In 2000, TRW demonstrated the TR-106 engine (pintle injector) using LOX / LH2 at NASA’s John C. Stennis Space Center . The engine generated 650,000 pounds of thrust, more than the 400,000 pounds of thrust generated by the Space Shuttle Main Engine SSME. Al Frew, vice president and general manager, TRW Space & Technology Division stated:
Most engines are designed for maximum performance and minimum weight, but we deliberately set out to develop an engine that minimizes cost while retaining excellent performance. We believe this engine will cost 50 to 75 percent less than comparable liquid hydrogen boosters. By reducing engine costs, which make up almost half of the cost of a launch vehicle, we will reduce the cost of launch vehicles and access to space for government and commercial customers.
Despite the promise the motor demonstrated, NASA canceled further work.
The pintle injector engines have a long history in the former Soviet Union. The NK-33 was the successor to the NK-15 engines used in the failed Soviet N1 Moon launcher. NK-33 have been used with the Russian Proton launch system. An interesting discussion of the Soviet Moon rocket, its engines and the NK-33 successor can be found here, along with spectacular video of the launch and explosion. Orbital Sciences has now contracted with Aerojet (owner of the NK-33 engines) to finish developing and testing the NK-33 engines, now designated as AJ26-58 for the Taurus II.
Jonathon Goff, at Masten Space Systems, had a commentary at Selenianboondocks on the 2006 Space-X change from an ablative Merlin engine to a regenerative engine. Jon states that the “engine related problems are interrelated, and that they have to do with the combination of using a high chamber pressure engine design with a pintle-injector and an ablatively cooled chamber wall.” That is, the flame produced by the cone of fuel and oxidizer hits the wall of the chamber and overheats the wall.
Included in the commentary is a simplified image of a pintle injector rocket engine, which illustrates the flow of liquid oxygen and fuel (RP-1 or liquid hydrogen) through the pintle injector into a cone shaped spray in the combustion chamber.
The replacement of the ablative chamber with a regenerative chamber eliminates the overheating.

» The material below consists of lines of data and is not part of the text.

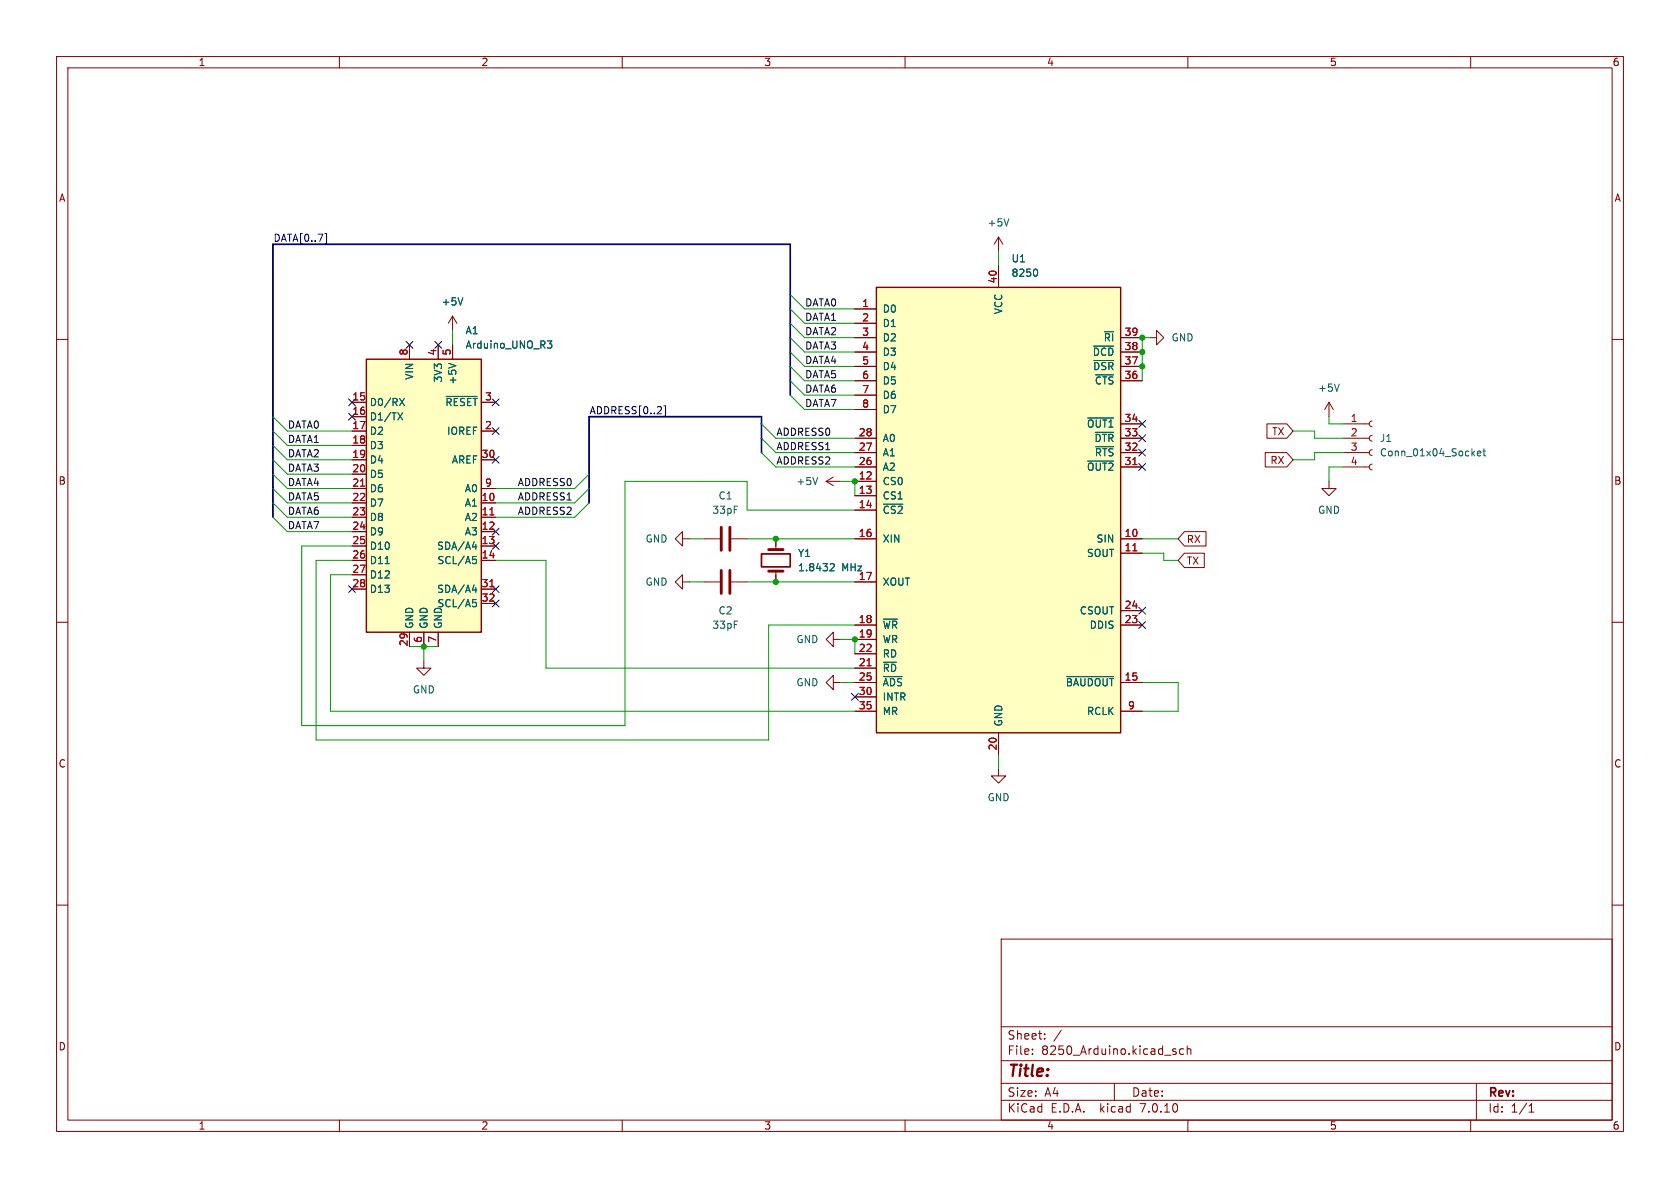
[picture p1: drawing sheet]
<svg xmlns="http://www.w3.org/2000/svg" width="297mm" height="210mm" viewBox="0 0 297 210" stroke-linecap="round" stroke-linejoin="round" font-family="sans-serif">
<g fill="none" stroke="#840000" stroke-width=".18">
<path d="M10 10h277v190h-277zM12 12h273v186h-273zM60 10v2M110 10v2M160 10v2M210 10v2M260 10v2M10 60h2M80 55.9l-.8 1.3M80 55.9v2.5M80 55.9l.8 1.3M151.1 54.6h3.8"/>
<path d="M151.1 57.2h3.8M151.1 59.7h3.8M176.5 41.9l-.7 1.3M176.5 41.9v2.6M176.5 47v3.8M176.5 41.9l.8 1.3M198.1 59.7h3.8M203.2 59.7h1.3v-1.3l1.2 1.3-1.2 1.3v-1.3M285 60h2M62.2 71.1h2.6M62.2 73.7h2.6M62.2 76.2h2.6"/>
<path d="M62.2 78.7h2.6M72.4 61v2.5M77.5 61v2.5M80 61v2.5M85.1 71.1h2.5M85.1 76.2h2.5M151.1 77.5h3.8M151.1 67.3h3.8M151.1 64.8h3.8M151.1 62.2h3.8M151.1 69.9h3.8M151.1 72.4h3.8"/>
<path d="M198.1 77.5h3.8M198.1 74.9h3.8M198.1 67.3h3.8M198.1 64.8h3.8M198.1 62.2h3.8M224 74.9h3.5l1.1 1.3-1.1 1.3h-3.5zM234.9 71.1l-.7 1.3M234.9 71.1v2.6M234.9 71.1l.8 1.3M237.5 77.5h4.6M237.5 74.9h4.6M242.6 79.5l-.4 .1-.1 .4 .1 .4 .4 .1"/>
<path d="M242.6 77l-.4 .1-.1 .4 .1 .3 .4 .2M242.6 74.4l-.4 .2-.1 .3 .1 .4 .4 .1M62.2 88.9h2.6M62.2 91.4h2.6M62.2 94h2.6M62.2 96.5h2.6M62.2 99.1h2.6M62.2 81.3h2.6M62.2 83.8h2.6M62.2 86.4h2.6M85.1 88.9h2.5M85.1 91.4h2.5"/>
<path d="M85.1 94h2.5M85.1 96.5h2.5M85.1 99.1h2.5M85.1 81.3h2.5M85.1 86.4h2.5M120.6 95.3v-1.3l-1.2 1.3 1.2 1.2v-1.2h1.3M124.5 95.3h2.8M129.3 95.3h2.8M137.2 95.3v1.9M146 85.1h2.6M146 85.1l1.3 .8M147.3 84.3l-1.3 .8"/>
<path d="M151.1 82.6h3.8M151.1 80h3.8M151.1 95.3h3.8M151.1 85.1h3.8M151.1 87.6h3.8M151.1 90.2h3.8M198.1 82.6h3.8M198.1 80h3.8M198.1 95.3h3.8M198.1 97.8h3.8M209.4 97.8h3.5v2.5h-3.5l-1.1-1.2zM209.4 94h3.8v2.5h-3.8l-1.1-1.2z"/>
<path d="M223.7 80h3.8l1.1 1.3-1.1 1.3h-3.8zM234.9 85.1v1.3h1.3l-1.3 1.2-1.2-1.2h1.2M237.5 82.6h4.6M237.5 80h4.6M242.6 82l-.4 .2-.1 .3 .1 .4 .4 .2M10 110h2M62.2 101.6h2.6M62.2 104.1h2.6M72.4 111.8v2.5M74.9 116.8v1.3h1.3l-1.3 1.3-1.2-1.3h1.2M74.9 111.8v2.5M77.5 111.8v2.5"/>
<path d="M85.1 104.1h2.5M85.1 106.7h2.5M120.6 102.9v-1.3l-1.2 1.3 1.2 1.2v-1.2h1.3M124.5 102.9h2.8M129.3 102.9h2.8M137.2 101v1.9M147.3 113v-1.2l-1.3 1.2 1.3 1.3v-1.3h1.3M151.1 102.9h3.8M151.1 110.5h3.8M151.1 113h3.8M151.1 118.1h3.8M151.1 115.6h3.8"/>
<path d="M198.1 110.5h3.8M198.1 108h3.8M285 110h2M147.3 120.7v-1.3l-1.3 1.3 1.3 1.2v-1.2h1.3M151.1 120.7h3.8M151.1 123.2h3.8M151.1 125.7h3.8M176.5 135.9v1.3h1.3l-1.3 1.2-1.2-1.2h1.2M176.5 129.5v3.9M198.1 120.7h3.8M198.1 125.7h3.8M10 160h2"/>
<path d="M285 160h2M177 166h108v32h-108zM60 198v2M110 198v2M160 198v2M177 194.5h108M177 191.5h108M177 187.5h108M177 181.5h108M182.5 186.3v.1M182.5 185.5v.1M184.7 183.6v.1"/>
<path d="M184.7 182.8v.1M187.6 182.1l-1.3 2M197 191.5v3M207.5 185.9l.4 .1 .1 .2-.3 .2h-.2M207.5 185.4l.4 .1M209.2 185.5l-.4-.1-.3 .3v.4l.2 .2h.5M209.9 185.5l.2-.1 .4 .1v.9M209.9 184.9v1.5M210 198v2M260 198v2M261 191.5v6.5M270.3 196.6h.9"/>
<path d="M270.3 195.5l.4-.4v1.5"/>
</g>
<g fill="none" stroke="#006464" stroke-width=".18">
<path d="M178.3 38.7l-.4 1.2M81.8 52.6l-.4 1.3M183.1 47.6a.79 .79 0 0 1 0 1.2M195.3 58.6h1.6M70.3 73l.9 1.2M70.6 70.4l.9 1.3M71.2 73l-.9 1.2M71.5 70.4l-.9 1.3M78.9 70.1h5.5M79.3 64.2l1.3 .5M96.8 60.3h.8l-.5 .5 .4 .1 .1 .4-.3 .2h-.3M192.3 73.9h4.6"/>
<path d="M193.3 61.2h3.6M193.4 63.7h3.5M193.6 76.4h3.3M193.7 79h3.2M193.7 66.3h3.2M236.8 67.9l-.5 1.3M262.2 79.7h.4M262.3 79.3v1.1l.3 .2M68.1 99.6h.7M83.5 96.7h.8M83.6 98.4h.6M83.7 98.9h.3l.2 .2-.1 .5h-.4"/>
<path d="M84.1 96.3v.8M144.5 84.4l-.4 1.3M146.8 99.7l.4-.1 .3 .4-.8 .9h.8M156.2 89.1h3.4M192.3 81.5h4.6M261.2 80.2l.6-.2-.1-.2-.3-.1-.2 .2v.6h.5M83.5 104.3h.8M83.6 106h.6M83.7 106.5h.3l.2 .2-.1 .5-.4 .1M84.1 103.9v.8M156.2 119.6h3.3M156.2 109.4h2.5"/>
<path d="M156.2 117.1h2.3M188.5 119.6h8.4"/>
</g>
<path d="M127.5 93.2v4.1M129 93.2v4.1M135.9 97.2h2.5M127.5 100.8v4.1M129 100.8v4.1M135.9 101h2.5" fill="none" stroke="#840000" stroke-width=".51"/>
<path d="M134.6 97.9h5.1v2.3h-5.1z" fill="none" stroke="#840000" stroke-width=".3"/>
<g fill="#ffffc2" stroke="#ffffc2" stroke-width=".18">
<path d="M154.9 50.8h43.2v78.7h-43.2z"/>
<path d="M64.8 63.5h20.3v48.3h-20.3z"/>
</g>
<path d="M154.9 50.8h43.2v78.7h-43.2zM64.8 63.5h20.3v48.3h-20.3z" fill="none" stroke="#840000" stroke-width=".25"/>
<path d="M63.7 85.9h.8M86.6 91h.7M200.3 97.4h.7M200.3 82.1h.7M86.6 103.7h.7M153.3 117.7h.7" fill="none" stroke="#a90000" stroke-width=".18"/>
<g fill="none" stroke="#000084" stroke-width=".18">
<path d="M57.4 41.3h.3v1.8h-.3M61.6 73.1l1.2 1.2M61.6 70.5l1.2 1.2M62.8 73.1l-1.2 1.2M62.8 70.5l-1.2 1.2M71.8 60.4l1.2 1.2M73 60.4l-1.2 1.2M76.9 60.4l1.2 1.2M78.1 60.4l-1.2 1.2M87 75.6l1.2 1.2M87 70.5l1.2 1.2M88.2 75.6l-1.2 1.2"/>
<path d="M88.2 70.5l-1.2 1.2M117.4 71.8h.3v1.8h-.3M201.3 79.4l1.2 1.2M201.3 74.3l1.2 1.2M201.3 76.9l1.2 1.2M202.5 79.4l-1.2 1.2M202.5 74.3l-1.2 1.2M202.5 76.9l-1.2 1.2M87 93.4l1.2 1.2M87 95.9l1.2 1.2M87 80.7l1.2 1.2M88.2 93.4l-1.2 1.2"/>
<path d="M88.2 95.9l-1.2 1.2M88.2 80.7l-1.2 1.2M201.3 81.9l1.2 1.3M202.5 81.9l-1.2 1.3M61.6 103.5l1.2 1.2M62.8 103.5l-1.2 1.2M87 106.1l1.2 1.2M87 103.5l1.2 1.2M88.2 106.1l-1.2 1.2M88.2 103.5l-1.2 1.2M201.3 109.9l1.2 1.2M201.3 107.3l1.2 1.3"/>
<path d="M202.5 109.9l-1.2 1.2M202.5 107.3l-1.2 1.3M150.5 122.6l1.2 1.2M151.7 122.6l-1.2 1.2"/>
</g>
<path d="M139.7 69.9v-26.7h-91.4v48.2M134.6 80v-6.3h-30.5v15.2" fill="none" stroke="#000084" stroke-width=".3"/>
<g fill="none" stroke="#009600" stroke-width=".18">
<path d="M80 58.4v2.6M139.7 57.2l2.5 2.5h8.9M139.7 59.7l2.5 2.5h8.9M139.7 52.1l2.5 2.5h8.9M139.7 54.6l2.5 2.6h8.9M176.5 44.5v2.5M203.2 59.7h-1.3v7.6M48.3 73.7l2.5 2.5h11.4M48.3 78.7l2.5 2.6h11.4M48.3 76.2l2.5 2.5h11.4M134.6 77.5l2.6 2.5h13.9M134.6 74.9l2.6 2.6h13.9"/>
<path d="M139.7 67.3l2.5 2.6h8.9M139.7 69.9l2.5 2.5h8.9M139.7 64.8l2.5 2.5h8.9M139.7 62.2l2.5 2.6h8.9M228.6 76.2h3.8v1.3h5.1M234.9 73.7v1.2h2.6M48.3 88.9l2.5 2.5h11.4M48.3 86.4l2.5 2.5h11.4M48.3 83.8l2.5 2.6h11.4M48.3 81.3l2.5 2.5h11.4M48.3 91.4l2.5 2.6h11.4M62.2 99.1h-6.3v31.7h80v-20.3h15.2"/>
<path d="M87.6 99.1h8.9v19h54.6M104.1 88.9l-2.5 2.5h-14M104.1 86.4l-2.5 2.5h-14M104.1 83.8l-2.5 2.6h-14M121.9 95.3h2.6M132.1 95.3h19M134.6 80l2.6 2.6h13.9M148.6 85.1h2.5v2.5M151.1 90.2h-19v-5.1h-21.6v43.2h-57.2v-31.8h8.9M201.9 97.8h3.8v1.3h2.6M201.9 95.3h6.4M237.5 80h-5.1v1.3h-3.8"/>
<path d="M237.5 82.6h-2.6v2.5M62.2 101.6h-3.8v24.1h92.7M72.4 114.3h5.1M74.9 114.3v2.5M121.9 102.9h2.6M132.1 102.9h19M148.6 113h2.5v2.6M148.6 120.7h2.5M176.5 133.4v2.5M201.9 120.7h6.4v5h-6.4"/>
</g>
<g fill="#009600" stroke="#009600" stroke-width=".18">
<circle cx="151.1" cy="113" r=".46"/>
<circle cx="137.2" cy="102.9" r=".46"/>
<circle cx="137.2" cy="95.3" r=".46"/>
<circle cx="201.9" cy="59.7" r=".46"/>
<circle cx="201.9" cy="62.2" r=".46"/>
<circle cx="201.9" cy="64.8" r=".46"/>
<circle cx="74.9" cy="114.3" r=".46"/>
<circle cx="151.1" cy="85.1" r=".46"/>
</g>
<text font-size="2.8" fill="#840000" x="178" y="190.9">Title:</text>
<g font-size="2.1" fill="#840000">
<text x="178" y="184">Sheet:</text>
<text x="178" y="186.7">File:</text>
<text x="184.1" y="186.7">8250_Arduino.kicad_sch</text>
<text x="178" y="196.9">KiCad</text>
<text x="178" y="194.1">Size:</text>
<text x="184.7" y="194.1">A4</text>
<text x="185.7" y="196.9">E.D.A.</text>
<text x="194.6" y="196.9">kicad</text>
<text x="200" y="194.1">Date:</text>
<text x="201.8" y="196.9">7.0.10</text>
<text x="263" y="194.3">Rev:</text>
<text x="263" y="196.9">Id:</text>
<text x="267.1" y="196.9">1/1</text>
</g>
<g font-size="1.8" fill="#840000">
<text x="35" y="11.9">1</text>
<text x="85" y="11.9">2</text>
<text x="135" y="11.9">3</text>
<text x="185" y="11.9">4</text>
<text x="235" y="11.9">5</text>
<text x="285" y="11.9">6</text>
<text x="10.3" y="35.9">A</text>
<text x="285.3" y="35.9">A</text>
<text x="224.8" y="77.2">TX</text>
<text x="224.5" y="82.2">RX</text>
<text x="10.3" y="85.9">B</text>
<text x="285.3" y="85.9">B</text>
<text x="209.7" y="100">TX</text>
<text x="209.7" y="96.2">RX</text>
<text x="10.3" y="135.9">C</text>
<text x="285.3" y="135.9">C</text>
<text x="10.3" y="185.9">D</text>
<text x="285.3" y="185.9">D</text>
<text x="35" y="199.9">1</text>
<text x="85" y="199.9">2</text>
<text x="135" y="199.9">3</text>
<text x="185" y="199.9">4</text>
<text x="235" y="199.9">5</text>
<text x="285" y="199.9">6</text>
</g>
<g font-size="1.8" fill="#006464">
<text x="174.5" y="40.2">+5V</text>
<text x="178.7" y="46.6">U1</text>
<text x="178.7" y="49.1">8250</text>
<text x="78" y="54.2">+5V</text>
<text x="82.2" y="59.3">A1</text>
<text x="156" y="55.5">D0</text>
<text x="156" y="58">D1</text>
<text x="177.4" y="55.6" transform="rotate(-90 177.4 55.6)">VCC</text>
<text x="82.2" y="61.8">Arduino_UNO_R3</text>
<text x="156" y="60.6">D2</text>
<text x="156" y="63.1">D3</text>
<text x="156" y="65.6">D4</text>
<text x="193.1" y="63.1">~{DCD}</text>
<text x="193.2" y="65.6">~{DSR}</text>
<text x="195" y="60.6">~{RI}</text>
<text x="207" y="60.6">GND</text>
<text x="65.3" y="72">D0/RX</text>
<text x="73.3" y="67.2" transform="rotate(-90 73.3 67.2)">VIN</text>
<text x="78.3" y="67.7" transform="rotate(-90 78.3 67.7)">3V3</text>
<text x="78.6" y="72">~{RESET}</text>
<text x="80.9" y="68.1" transform="rotate(-90 80.9 68.1)">+5V</text>
<text x="156" y="68.2">D5</text>
<text x="156" y="70.7">D6</text>
<text x="193.5" y="68.2">~{CTS}</text>
<text x="232.9" y="69.4">+5V</text>
<text x="65.3" y="74.5">D1/TX</text>
<text x="65.3" y="77.1">D2</text>
<text x="78.9" y="77.1">IOREF</text>
<text x="156" y="73.3">D7</text>
<text x="192.1" y="75.8">~{OUT1}</text>
<text x="65.3" y="79.6">D3</text>
<text x="65.3" y="82.1">D4</text>
<text x="79.8" y="82.1">AREF</text>
<text x="156" y="83.4">A2</text>
<text x="156" y="80.9">A1</text>
<text x="156" y="78.3">A0</text>
<text x="192.1" y="83.4">~{OUT2}</text>
<text x="193.4" y="78.3">~{DTR}</text>
<text x="193.5" y="80.9">~{RTS}</text>
<text x="243.8" y="78.3">J1</text>
<text x="243.8" y="80.9">Conn_01x04_Socket</text>
<text x="65.3" y="84.7">D5</text>
<text x="65.3" y="87.2">D6</text>
<text x="65.3" y="89.8">D7</text>
<text x="82.1" y="89.8">A1</text>
<text x="82.1" y="87.2">A0</text>
<text x="126.9" y="88.5">C1</text>
<text x="140.7" y="86">+5V</text>
<text x="156" y="86">CS0</text>
<text x="156" y="88.5">CS1</text>
<text x="65.3" y="92.3">D8</text>
<text x="65.3" y="94.8">D9</text>
<text x="82.1" y="92.3">A2</text>
<text x="82.1" y="94.8">A3</text>
<text x="125.8" y="91">33pF</text>
<text x="156" y="91">~{CS2}</text>
<text x="232.9" y="91">GND</text>
<text x="65.3" y="97.4">D10</text>
<text x="65.3" y="99.9">D11</text>
<text x="77.2" y="97.4">SDA/A4</text>
<text x="77.2" y="99.9">SCL/A5</text>
<text x="114" y="96.1">GND</text>
<text x="141" y="98.7">Y1</text>
<text x="141" y="101.2">1.8432</text>
<text x="148.8" y="101.2">MHz</text>
<text x="156" y="96.1">XIN</text>
<text x="192.1" y="98.7">SOUT</text>
<text x="193.8" y="96.1">SIN</text>
<text x="65.3" y="102.5">D12</text>
<text x="65.3" y="105">D13</text>
<text x="77.2" y="105">SDA/A4</text>
<text x="77.2" y="107.5">SCL/A5</text>
<text x="114" y="103.7">GND</text>
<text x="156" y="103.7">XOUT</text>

Image Credit: Forschungsgruppe Alternative Raumfahrtkonzepte
Below left is the business end of the LEM Descent engine, showing the Pintle Injector:
Below right is an image by Warren W. Thompson at the unveiling of Space-X’s Falcon 1 at the Air & Space Museum on 4 December 2003.
Finally, while explaining the Pintle Injector to a friend, I realized that almost everybody who has a garden or tends a lawn has personal experience with pintles. You all use a nozzle on the end of your watering hose. Crank it down and you get a steady, narrow stream of water shooting out in a long arc. Crank it back the other way when you want to shut it off, and you get a wide, cone shaped fan spray. Now, turn off the water and look at the business end of the garden hose nozzle (please shut the water off first). There in the middle is a round pintle that moves back and forth as you crank the outer casing one way or the other. And the fan shaped spray of water with which you are familiar is what the fuel and oxidizer spray looks like inside the rocket engine. So take another look at the two images above and imagine the fan shaped spray. The only difference is that your spray of water doesn’t explosively combust and throw a rocket into space.